(Collection entries)
* * *

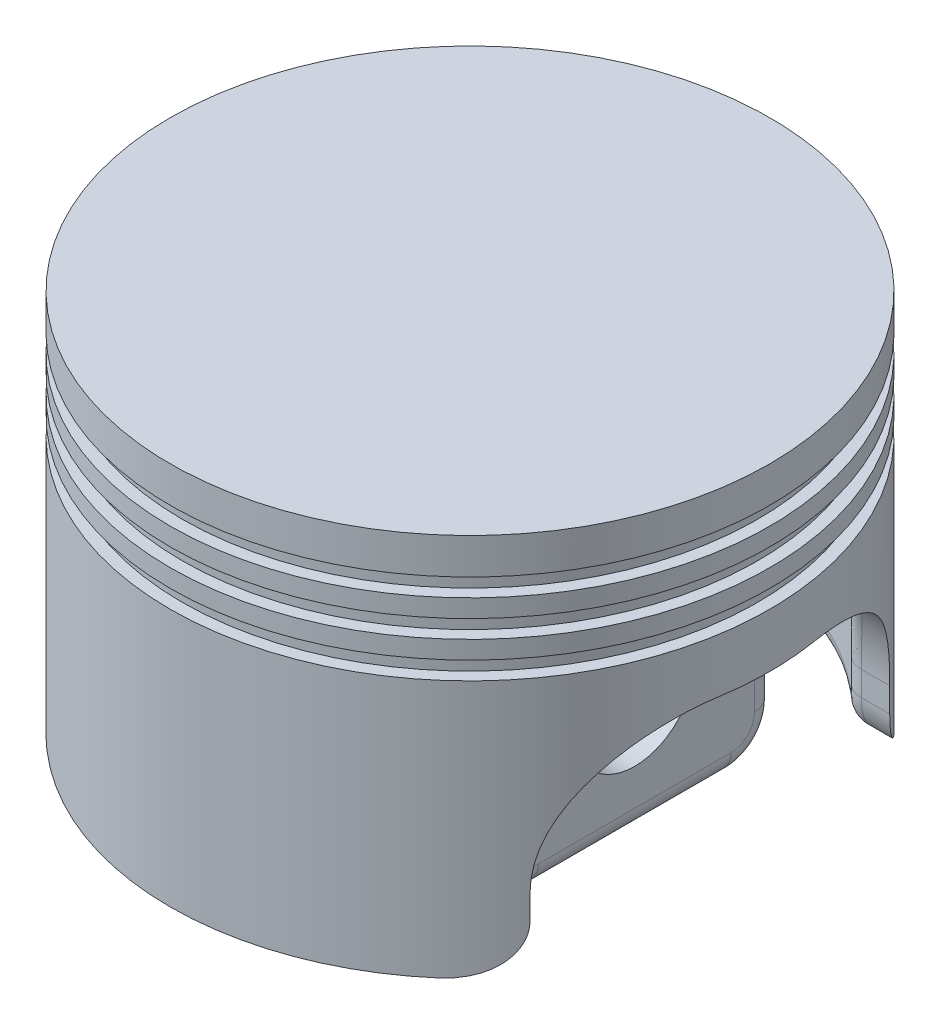
SolidWorks part; units mm, degrees
ref_plane "Front Plane" through (0, 0, 0) normal (0, 0, 1) x (1, 0, 0)
ref_plane "Top Plane" through (0, 0, 0) normal (0, 1, 0) x (1, 0, 0)
ref_plane "Right Plane" through (0, 0, 0) normal (1, 0, 0) x (0, 0, -1)
sketch "Sketch1" plane through (0, 0, 0) normal (0, 0, 1) x (1, 0, 0)
  line L0 (0, 0) -> (0, -19)
  line L1 (0, -19) -> (57.15, -19)
  line L2 (57.15, -19) -> (57.15, -81.28)
  line L3 (57.15, -81.28) -> (63.5, -81.28)
  line L4 (63.5, -81.28) -> (63.5, 0)
  line L5 (63.5, 0) -> (0, 0)
  dimension "D1" = 63.5
  dimension "D2" = 81.28
  dimension "D3" = 19
  dimension "D4" = 57.15
revolve "Revolve1" add sketch "Sketch1" angle 360 about L0
sketch "Sketch2" plane through (0, 0, 0) normal (1, 0, 0) x (0, 0, -1)
  line L0 (0, -81.28) -> (0, 0) construction
  line L2 (-38.1, -81.28) -> (-38.1, -38.1)
  line L3 (-38.1, -38.1) -> (38.1, -38.1)
  line L4 (38.1, -81.28) -> (38.1, -38.1)
  line L5 (-38.1, -81.28) -> (38.1, -38.1) construction
  line L6 (-38.1, -38.1) -> (38.1, -81.28) construction
  line L8 (-38.1, -81.28) -> (38.1, -81.28)
  point P0 (0, -59.69)
  dimension "D1" = 76.2
  dimension "D2" = 43.18
extrude "Cut-Extrude1" cut sketch "Sketch2" against normal through all both and the other way through all
sketch "Sketch3" plane through (0, 0, 0) normal (1, 0, 0) x (0, 0, -1)
  line L0 (0, 0) -> (0, -44.7784) construction
  line L1 (63.5, 0) -> (-63.5, 0) construction
  line L2 (63.5, -81.28) -> (63.5, 0) construction
  line L3 (60.96, -7.62) -> (66.04, -7.62)
  line L4 (60.96, -7.62) -> (60.96, -11.43)
  line L5 (60.96, -11.43) -> (66.04, -11.43)
  line L6 (66.04, -7.62) -> (66.04, -11.43)
  line L7 (60.96, -7.62) -> (66.04, -11.43) construction
  line L8 (60.96, -11.43) -> (66.04, -7.62) construction
  point P4 (63.5, -9.525)
  dimension "D1" = 3.81
  dimension "D2" = 2.54
  dimension "D3" = 7.62
revolve "Cut-Revolve1" cut sketch "Sketch3" angle 360 about L0
pattern_linear "LPattern1" count 3 spacing 7.62 along (0, -1, 0) of "Cut-Revolve1"
sketch "Sketch4" plane through (0, -19, 0) normal (0, -1, 0) x (1, 0, 0)
  line L0 (0, 0) -> (0, 49.6703) construction
  line L1 (34.88, 30.4) -> (15.88, 30.4)
  line L2 (-34.88, -30.4) -> (-15.88, -30.4)
  line L3 (-34.88, -30.4) -> (-34.88, 30.4)
  line L4 (-34.88, 30.4) -> (-15.88, 30.4)
  line L5 (-15.88, -30.4) -> (-15.88, 30.4)
  line L6 (-34.88, -30.4) -> (-15.88, 30.4) construction
  line L7 (-34.88, 30.4) -> (-15.88, -30.4) construction
  line L8 (15.88, -30.4) -> (15.88, 30.4)
  line L9 (34.88, -30.4) -> (15.88, -30.4)
  line L10 (34.88, -30.4) -> (34.88, 30.4)
  point P3 (-25.38, 0)
  dimension "D1" = 19
  dimension "D2" = 60.8
  dimension "D3" = 31.76
extrude "Boss-Extrude1" add sketch "Sketch4" along normal blind 63.5
sketch "Sketch5" plane through (34.88, 0, 0) normal (1, 0, 0) x (0, 0, -1)
  line L0 (30.4, -82.5) -> (-30.4, -82.5) construction
  circle A0 centre (0, -57.1) radius 12.7
  dimension "D1" = 25.4
  dimension "D2" = 25.4
extrude "Cut-Extrude2" cut sketch "Sketch5" against normal through all both and the other way through all
fillet "Fillet1" radius 28 4 edges at (46.6985, -38.1, -38.1) (46.6985, -38.1, 38.1) (-46.6985, -38.1, 38.1) (-46.6985, -38.1, -38.1)
fillet "Fillet3" radius 10 8 edges at (25.38, -82.5, -30.4) (-25.38, -82.5, -30.4) (25.38, -82.5, 30.4) (-25.38, -82.5, 30.4) (-46.6985, -81.28, -38.1) (46.6985, -81.28, -38.1) (46.6985, -81.28, 38.1) (-46.6985, -81.28, 38.1)
fillet "Fillet4" radius 5 36 edges at (-40.0022, -78.1316, 40.816) (-42.5971, -68.69, 38.1) (-46.055, -51.2516, 33.8387) (-57.15, -38.1, 0) (-50.4318, -43.6881, -26.8841) (-42.5971, -68.69, -38.1) (-41.3657, -76.2692, -39.4335) (0, -81.28, -57.15) (40.0022, -78.1316, -40.816) (42.5971, -68.69, -38.1) (46.055, -51.2516, -33.8387) (57.15, -38.1, 0) (50.4318, -43.6881, 26.8841) (42.5971, -68.69, 38.1) (41.3657, -76.2692, 39.4335) (34.88, -45.75, -30.4) (34.88, -79.5711, -27.4711) (34.88, -45.75, 30.4) (34.88, -79.5711, 27.4711) (15.88, -45.75, 30.4) (15.88, -79.5711, 27.4711) (15.88, -45.75, -30.4) (15.88, -79.5711, -27.4711) (-15.88, -45.75, -30.4) (-15.88, -79.5711, -27.4711) (-15.88, -45.75, 30.4) (-15.88, -79.5711, 27.4711) (-34.88, -45.75, 30.4) (-34.88, -79.5711, 27.4711) (-34.88, -45.75, -30.4) (-34.88, -79.5711, -27.4711) (0, -81.28, 57.15) (34.88, -82.5, 0) (15.88, -82.5, 0) (-15.88, -82.5, 0) (-34.88, -82.5, 0)
fillet "Fillet5" radius 5 17 edges at (33.4155, -19, 28.9355) (25.38, -19, 30.4) (17.3445, -19, 28.9355) (15.88, -19, 0) (17.3445, -19, -28.9355) (25.38, -19, -30.4) (33.4155, -19, -28.9355) (34.88, -19, 0) (-57.15, -19, 0) (-17.3445, -19, 28.9355) (-25.38, -19, 30.4) (-33.4155, -19, 28.9355) (-34.88, -19, 0) (-33.4155, -19, -28.9355) (-25.38, -19, -30.4) (-17.3445, -19, -28.9355) (-15.88, -19, 0)

* * *

**Work item**
Each line of the entries that contains the word "against" should be listed.

**Exercise answer**
extrude "Cut-Extrude1" cut sketch "Sketch2" against normal through all both and the other way through all
extrude "Cut-Extrude2" cut sketch "Sketch5" against normal through all both and the other way through all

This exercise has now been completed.